Kevin Wilkenson, the UCI Invisible Children club’s operations administrator, is a fourth-year Information Computer Science major who got involved with the club when the organization first began. He sees the organization as more than a way to fight injustice, he sees it as a way to bring people together as they fight.

“The success of this organization isn’t simply based on the end of a frivolous war that is affecting millions of innocent people, ” Wilkenson said. “Where else have you heard of 100,000 people, most of them kids, sleeping in streets across the world to stop a war? I got involved because I am needed. These kids need to be rescued, and this organization needs me to do it.”

Clubs are encouraged to compete with the others in their region to see who can raise the most money. Money raised by each club goes directly towards rebuilding their partner school. The Invisible Children Club at UCI is partnered with Sacred Heart Secondary, the only all-girls boarding school in the region of Northern Uganda.

Freshman Dina Saleh joined the Invisible Children club after being inspired by how her father’s line of work changes lives.

“My dad is a plastic surgeon. He does a lot of work on children with horribly deformed and split cleft palettes. I’ve seen how he can improve children’s lives, so I have joined Invisible Children to see what I can do to improve children’s lives,” Saleh said.

The Invisible Children club at UCI does a myriad of fundraisers, such as the entertaining “man pageant,” Mr. UCI and the Swipe-2-Save program that allows students with meal plans to donate the monetary value of one of the extra meals they inevitably have at the end of the quarter. The fundraising is back in full swing this quarter as club members prepare for their third annual Mr. UCI pageant taking place Wednesday, Nov. 18th of eighth week.

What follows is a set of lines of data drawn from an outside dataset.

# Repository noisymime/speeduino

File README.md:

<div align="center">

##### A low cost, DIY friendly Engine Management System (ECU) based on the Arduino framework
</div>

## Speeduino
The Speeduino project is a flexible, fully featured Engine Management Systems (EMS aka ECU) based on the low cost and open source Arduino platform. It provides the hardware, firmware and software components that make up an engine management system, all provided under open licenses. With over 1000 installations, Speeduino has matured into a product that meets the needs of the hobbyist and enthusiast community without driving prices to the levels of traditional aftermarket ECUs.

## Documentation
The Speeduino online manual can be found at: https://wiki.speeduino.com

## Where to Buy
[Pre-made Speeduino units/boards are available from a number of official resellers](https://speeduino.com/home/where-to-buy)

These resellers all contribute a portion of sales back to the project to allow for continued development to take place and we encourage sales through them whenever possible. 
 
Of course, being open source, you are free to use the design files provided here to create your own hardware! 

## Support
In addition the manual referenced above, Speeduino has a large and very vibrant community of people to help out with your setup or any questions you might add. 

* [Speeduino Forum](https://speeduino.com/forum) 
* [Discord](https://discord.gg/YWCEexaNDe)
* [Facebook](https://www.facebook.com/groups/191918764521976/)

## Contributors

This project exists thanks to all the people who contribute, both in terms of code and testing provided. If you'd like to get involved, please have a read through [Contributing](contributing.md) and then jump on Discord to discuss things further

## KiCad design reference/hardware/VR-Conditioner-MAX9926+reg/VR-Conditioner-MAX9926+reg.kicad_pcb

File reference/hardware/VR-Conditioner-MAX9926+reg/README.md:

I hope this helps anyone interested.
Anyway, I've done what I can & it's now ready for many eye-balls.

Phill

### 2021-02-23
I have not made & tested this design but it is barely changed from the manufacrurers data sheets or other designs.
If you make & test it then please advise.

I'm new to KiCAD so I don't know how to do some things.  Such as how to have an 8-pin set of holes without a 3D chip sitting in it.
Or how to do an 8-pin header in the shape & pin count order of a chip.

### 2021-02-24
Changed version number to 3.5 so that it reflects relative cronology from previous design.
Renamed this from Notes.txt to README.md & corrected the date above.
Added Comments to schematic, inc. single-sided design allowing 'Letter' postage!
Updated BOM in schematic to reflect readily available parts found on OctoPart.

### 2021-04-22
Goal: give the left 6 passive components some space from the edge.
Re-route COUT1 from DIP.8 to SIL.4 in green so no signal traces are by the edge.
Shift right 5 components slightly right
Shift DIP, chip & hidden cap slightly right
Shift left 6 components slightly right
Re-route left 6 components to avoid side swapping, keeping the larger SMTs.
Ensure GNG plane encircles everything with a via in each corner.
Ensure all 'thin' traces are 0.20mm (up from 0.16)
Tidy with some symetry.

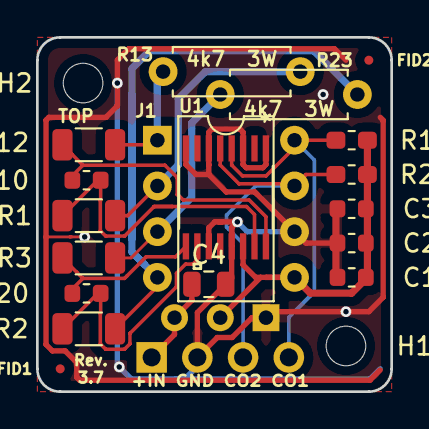
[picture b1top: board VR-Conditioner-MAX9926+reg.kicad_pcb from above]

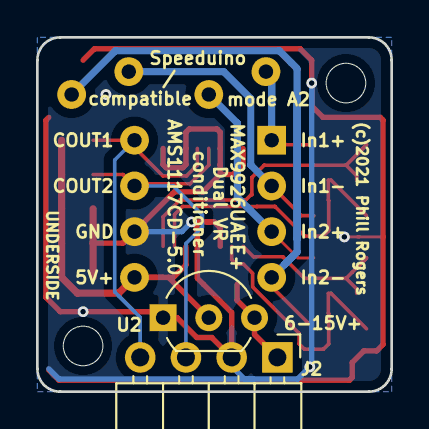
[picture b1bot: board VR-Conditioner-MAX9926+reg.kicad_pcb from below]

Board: 2 copper layers, 19.7 x 19.7 mm, 22 parts (2 on the bottom side), 13 nets.

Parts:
C1: 10n; C_0603_1608Metric
C2: 100n; C_0603_1608Metric
C3: 1u; C_0603_1608Metric
C4: 10u; C_0805_2012Metric
C10, C20: 1n; C_0603_1608Metric
FID1, FID2: Fiducial; Fiducial_0.5mm_Mask1mm
H1, H2: MountingHole; MountingHole_2.2mm_M2
J1: 8-pin header; DIP-8_W7.62mm
J2: Edge; PinHeader_1x04_P2.54mm_Horizontal
R1, R2, R3, R12: 10k; R_1206_3216Metric
R10, R20: 1k; R_0603_1608Metric_Pad1.05x0.95mm_HandSolder
R13, R23: 4.7k; R_Axial_DIN0207_L6.3mm_D2.5mm_P7.62mm_Horizontal
U1: MAX9926UAEE+; MAX9926UAEE&plus_
U2: AMS1117CD-5.0; TO-92_Inline_Wide

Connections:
+12V: C4.1, J2.1, U2.3
/COUT1: J1.8, J2.4, R10.2, U1.4
/COUT2: J1.7, J2.3, R20.2, U1.5
GND: C1.2, C2.2, C3.2, C4.2, J1.6, J2.2, U1.1, U1.3, U1.6, U1.8, U1.11, U1.13, U2.1
unnamed: C10.1, R12.1, U1.16
unnamed: C10.2, R1.1, U1.15
unnamed: C20.1, R2.1, U1.10
unnamed: C20.2, R3.1, U1.9
unnamed: J1.1, R12.2, R13.1
unnamed: J1.2, R1.2, R13.2
unnamed: J1.3, R3.2, R23.1
unnamed: J1.4, R2.2, R23.2
VCC: C1.1, C2.1, C3.1, J1.5, R10.1, R20.1, U1.14, U2.2

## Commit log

2022-01-07 boostLoadMax addition
2022-01-09 IAC IAT PWM Addition
    IAC IAT PWM Addition
2022-08-16 iacIATPWM
2022-08-16 typo fix
2024-02-08 Add unit tests for triggerSetEndTeeth_SuzukiK6A
2024-02-08 Bug fix - use correct parameter when calling stdGetRPM
2024-02-08 Compute triggerToothAngle from the fixed tooth angle array.
2024-02-08 triggerSetEndTeeth_SuzukiK6A - hoist duplicated code into calcEndTeeth_SuzukiK6A (like we did for some other decoders).
2024-02-09 MISRA fixes for Suzuki K6A decoder
2024-02-24 Bug fix - consistent #ifdef (ANALOG_ISR/ANALOG_ISR_MAP) Also replace multiple #ifdefs with inline function.
2024-02-24 Conditional compile to allow MAP sensor read pin even when using analog ISR Useful for development testing
2024-02-24 MISRA fixes for sensor.cpp
2024-02-25 Remove mapErrorCount - it's unused (only ever written to, never read)
2024-02-25 Replace duplicate filter macros with one inline function: LOW_PASS_FILTER (which is MISRA compliant).
2024-02-25 Remove unused global variables statuses::batADC fpPrimed - duplicate of statuses::fpPrimed injPrimed - duplicate of statuses::injPrimed
2024-02-25 Encapsulate MAP variables
2024-02-25 Deduplicate MAP reading code
2024-02-26 Split out definition of statuses struct. Break circular header dependencies.
2024-02-26 Separate out getLoad() function
2024-02-26 Bug Fix: getAdvance1() & getAdvance2() should return a signed value.
2024-02-26 secondarytables.cpp - extract duplicate code into functions.
2024-02-26 Bug fix: BIT_STATUS3_FUEL2_ACTIVE not set in 2 cases.
2024-02-26 Performance: secondaryTables call percentage() (which is optimised)
2024-02-26 Add secondary table tests
2024-02-26 Bug Fix: do not correct secondary spark multiplier
2024-02-26 Unit test no secondary spark with fixed timing.
2024-03-09 Make readBaro() independent of instanteneousMAPReading() Removes a conditional and reduces module surafce area
2024-03-09 Add isEngineRunning() to capture duplicate code
2024-03-09 Force loop() inline Reduces stack usage.
2024-03-09 Use structs to capture the MAP algorithm state. Also apply ATOMIC_BLOCK to prevent tearing of ISR modified variables.
2024-03-09 Remove validateMAP() - since we validate every sensor reading, it wasn't doing anything.
2024-03-09 Use 16-bit comparisons
2024-03-19 Use common setScheduleNext function.
2024-03-19 Initialize all Schedule members in constructor
2024-03-19 Extract common schedule state into Schedule
2024-03-19 Schedules: remove endCompare We had 2 paths to set the inj/ign end comparator: using duration; or using endCompare Replace with Duration - in timer ticks (since it's a smaller data type)
    Saves memory & simplifies code.
2024-03-19 Remove Schedule::hasNextSchedule Use a flag value in nextDuration instead.
2024-03-19 Remove Schedule.startCompare It is only used within the set*ScheduleRunning() functions as an intermediate calculation variable.
2024-03-19 Start the schedule timers externally And never turn them off - they were pretty much on continuosuly anyway.
    Saves 36 bytes
2024-03-19 Scheduler callbacks are set in pairs So model that with a setCallbacks() function.
2024-03-19 Rename FuelSchedule members to match IgnitionSchedule
2024-03-19 Schedulers - remove inline_always: let the compiler decide.
2024-03-19 Consolidate timeout calculation
2024-03-19 MISRA fixes
2024-03-19 Save RAM: drop Schedule::durationNext - use new Status setting + existing Duration instead.
2024-03-19 Use macros to define schedule ISRs (removes repeated code)
2024-03-19 Use a state machine idiom to consolidate timer ISR code.
2024-03-21 use latest available codespell dictionaries
2024-03-21 add codespell CI action
2024-03-21 Working decoder 36-2-1 with wasted spark
    - Formated decoders source file => Fixed a closing bracked for
    triggerPri_ThirtySixMinus21
    - triggerSetEndTeeth_ThirtySixMinus21 actually calls
    triggerSetEndTeeth_missingTooth (no need to duplicate code)
    - Changed the teeth numbering on the trigger wheel. Now tooth #1
    is at TDC piston #1. This fixed a bug where the algo would never
2024-03-22 Add optimized 32-bit shifting
2024-03-22 Tooth based time to angle coversion is only used by a few decoders. So move the functions into decoders.cpp
2024-03-22 Better separation of deocders and crank maths.
2024-03-22 Apply optimised shifts
2024-03-22 Doxygen
2024-03-23 Split out PW calcs to separate .H & .CPP
2024-03-23 Chain PW intermediate calcs Use size integer types
2024-03-23 Refactor: extract computePwLimit()
2024-03-23 Optimize PW
2024-03-23 inline getVE1 & getAdvance1
2024-03-23 Optimize computePwLimit() for nSquirts==1
2024-03-23 Use libdivide to calculate pulse width limit
2024-03-23 Added pwApplyNitrous() - step 1 in cleanup.
2024-03-23 Add nitrous inside PW()
2024-03-23 Move staging PW calc into single PW calculation. This makes it unit testable.
2024-03-23 Initialize req_fuel_uS where it's declared I.e. in pw_calcs.cpp
2024-03-23 Encapsulate primary & secondary fuel stages
2024-03-23 Encapsulate inj_opentime_uS: Save memory - doesn't need to be global Pulse widths will be zero if not valid: Faster comparisons
2024-03-23 Bug fixes
2024-03-25 Remove libdivide: optimise powers of 2 only. Slightly faster & saves 3 bytes
2024-03-25 Tiny perf improvement: compile time correction shifts
2024-03-27 Extract percentApprox from PW calculations, optimize and unit test..
2024-03-27 Pulse width calcs: flatten & force inline
2024-03-27 Add PW unit tests
2024-03-27 pwApplyNitrousStage() now uses Arduino map() function.
2024-04-08 boostControlMAPLoad
2024-04-08 iacIATPWM
    commit fc3e581bc3a3aaab6b5e040dba0a6eb231683d04
    Author: shiznit304 <62686180+shiznit304@users.noreply.github.com>
    Date: Sun Apr 7 21:21:31 2024 -0500
    iacIATPWM
2024-05-30 Unit test calculateRequiredFuel
2024-05-30 Unit test correctionFloodClear
2024-05-30 Make TPS AE tests independent
2024-05-30 Unit test correctionASE
2024-05-30 Add test_maths_div10_s16_perf
2024-05-30 Use RUN_TEST_P to reduce test RAM usage
2024-05-30 Add unit tests for correctionCranking
2024-05-30 Add test_corrections_MAE
2024-05-30 Add unit tests for correctionLaunch
2024-05-30 Unit test flex & fuel temp corrections, plus minor cleanup
2024-05-30 Test repetability - initialiseAll at the start of every test
2024-05-30 Unit test battery correction
2024-05-30 Unit tests - avoid forward declarations
2024-06-09 Convert MISRA script to Powershell
2024-06-09 Script was returning all errors, not just the error count (as intended)
2024-06-10 Separate out populate_table() from 3D table tests
2024-06-10 Separate calculation of AFR target from correction (and unit test the calculation). Separation of concerns and will make unit test AFR correction easier.
2024-06-10 Unit test correctionsFuel
2024-06-10 Unit test correctionAFRClosedLoop
2024-06-10 Unit test all ignition corrections
2024-06-10 DFCO - test behavior not implementation
2024-06-10 Add populate_2dtable_P test utility function
2024-06-10 Shrink unit test for faster build/upload/execute We just need the 2D tables wired up, not the whole system initialized. 1. Factor out construct2dTables() from initialiseAll() 2. In the unit tests, ca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
2024-06-10 Tweak tests to pass on Teensy 3.5
2024-06-10 Add compile time buffer overflow check to RUN_TEST_P
2024-06-10 Add test_correctionsDwell_uses_batvcorrection
2024-06-10 Add AE test assertion: especially for MAE
2024-06-10 Use TEST_ASSERT_BIT_[HIGH_LOW] instead of TEST_ASSERT_[TRUE|FALSE] Better failure messages, declares intent
2024-06-10 Add AE timeout unit tests
2024-06-10 Igniton corrction test: expand assertions: make sure all corrections test both positive an negative advance values.
2024-06-10 Convert copy/paste 2D table construction code into shared functions
2024-06-13 Add PS help
2024-06-15 More detailed debug output
2024-06-21 uS_TO_TIMER_COMPARE should return COMPARE_TYPE
2024-06-21 Break *circular* header dependencies: globals.h -> board_avr2560.h -> globals.h
    1. Move board header selection into board_selector.h
    2. Remove BOARD_H - board_selector.h should include the correct header
    3. Put board specific definitions in the board specific header files.
2024-06-21 MISRA fixes
    Remove coil toggle functionality: it's unused and probably a really bad idea to use it anyway (risk of accidental overdwell).
    Remove mc33810_[1|2]_returnState: unused.
2024-06-21 ARM cores call moveToNextState directly
2024-06-21 Move scheduler AVR interrupt setup into board_avr2560.cpp (why should AVR board setup differ from the other boards?)
2024-08-02 removed unsupported/unused STM32F103 references
2024-08-03 Generate table read/write functions This means we can stop using the void* based functions from pages.*. Better type safety.
2024-08-03 doUpdates() doesn't need to/shoudn't use page iteration.
2024-08-03 Remove unused table type (table3d8RpmTps)
2024-08-03 Split out definition of statuses & config page structs. Break circular header dependencies.
2024-08-03 Move resetConfigPages(), rename setTuneToEmpty() This function is unrelated to storage.

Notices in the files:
README.md:
License: GPLv3
reference/hardware/VR-Conditioner-MAX9926+reg/VR-Conditioner-MAX9926+reg.kicad_pcb:
(c)2021 Phill Rogers @ TechColab.co.je
parts and their libraries:
Copyright 2016 Accelerated Designs. All rights reserved.

Lauren Stockly is a third-year transfer student from Glendale College. After the unforgettable experience of meeting Ugandan refugees during a trip to Europe in the seventh grade, Lauren began a Save Uganda club at her high school. She is currently on the board of the Life in Africa Foundation.

“I was moved by the stories [of the refugees] and started getting involved in whatever way possible. Life in Africa has consulted with Invisible Children on many projects and I will most likely be going to Uganda in December,” Stockly said.

The students in room 118 in Humanities Hall know that while so much has been done, the capture of Joseph Kony will not mean their work is over. Become a part of the effort to rebuild a nation, help end the longest running war in Africa, join the revolution.